**Exercise aim:** Copy exactly the lines from the one containing "# #10 Clearance Hole3 (through all)" through the last line of the records, both included, and nothing more.
== Supplied records ==
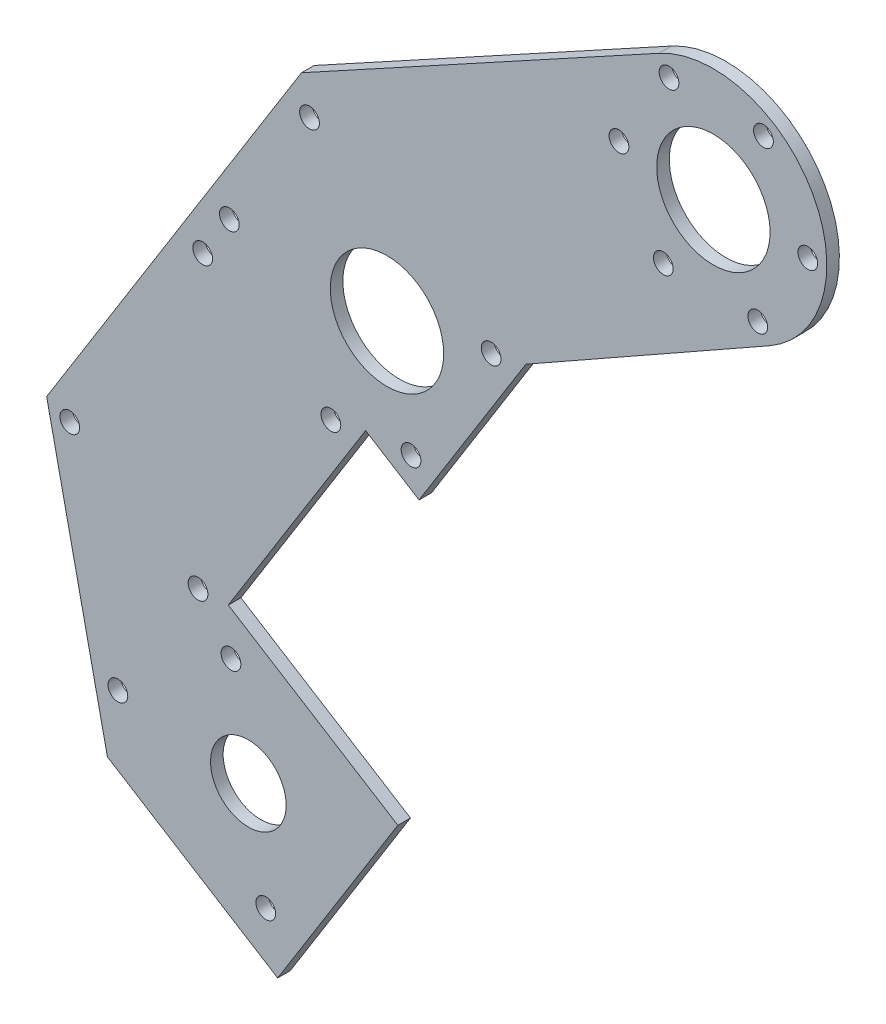
from build123d import *

# Parameters (mm, degrees)
SKETCH1_R              = 14.2875
SKETCH1_R_2            = 9.525
SKETCH1_R_3            = 14.287500001
BOSS_EXTRUDE1_DEPTH    = 3.175
F_10_CLEARANCE_HOLE2_D = 4.9784
F_10_CLEARANCE_HOLE3_D = 4.9784


with BuildPart() as part:
    # Sketch1 → Boss-Extrude1 (new body)
    with BuildSketch(Plane.XY.offset(-14.194599474)):
        with BuildLine():
            Line((-11.403602879, 461.040918113), (18.881283072, 509.506866808))
            Line((18.881283072, 509.506866808), (-23.846467356, 536.206128526))
            Line((-23.846467356, 536.206128526), (10.759214603, 591.586796266))
            Line((10.759214603, 591.586796266), (24.22197813, 583.174327946))
            Line((24.22197813, 583.174327946), (51.141876753, 626.255171231))
            Line((51.141876753, 626.255171231), (112.462044501, 660.93728694))
            ThreePointArc((112.462044501, 660.93728694), (123.365099156, 699.702028841), (84.677956887, 710.877306848))
            Line((84.677956887, 710.877306848), (-5.401730059, 661.587538174))
            Line((-5.401730059, 661.587538174), (-69.615486106, 558.824047132))
            Line((-69.615486106, 558.824047132), (-54.307899735, 487.850498283))
            Line((-54.307899735, 487.850498283), (-11.403602879, 461.040918113))
        make_face()
        with Locations((16.14150623, 618.174698631)):
            Circle(SKETCH1_R, mode=Mode.SUBTRACT)
        with Locations((-18.787612769, 499.810661233)):
            Circle(SKETCH1_R_2, mode=Mode.SUBTRACT)
        with Locations((98.394472265, 685.809641802)):
            Circle(SKETCH1_R_3, mode=Mode.SUBTRACT)
    extrude(amount=BOSS_EXTRUDE1_DEPTH)

    # #10 Clearance Hole2 (through all)
    with Locations(Plane.XY.offset(-11.019599474)):
        with Locations((-23.168465476, 524.830016332), (-14.406760063, 474.791306134), (-3.381611976, 652.837445435), (42.391784014, 624.235053148), (22.201860047, 591.924420685), (-23.571535943, 620.526812972), (-31.474844299, 535.981130963), (-63.785476762, 556.17105493), (-51.664768266, 503.670498499), (2.009121865, 589.566678183), (-30.301510599, 609.756602151)):
            Hole(F_10_CLEARANCE_HOLE2_D / 2)

    # #10 Clearance Hole3 (through all)
    with Locations(Plane.XY.offset(-11.019599474)):
        with Locations((111.013174745, 706.003787091), (122.192466334, 684.978597536), (109.573763854, 664.784452247), (85.775769786, 665.615496512), (74.596478197, 686.640686067), (87.215180676, 706.834831357)):
            Hole(F_10_CLEARANCE_HOLE3_D / 2)


solid = part.part
===
**Task answer:**
    # #10 Clearance Hole3 (through all)
    with Locations(Plane.XY.offset(-11.019599474)):
        with Locations((111.013174745, 706.003787091), (122.192466334, 684.978597536), (109.573763854, 664.784452247), (85.775769786, 665.615496512), (74.596478197, 686.640686067), (87.215180676, 706.834831357)):
            Hole(F_10_CLEARANCE_HOLE3_D / 2)


solid = part.part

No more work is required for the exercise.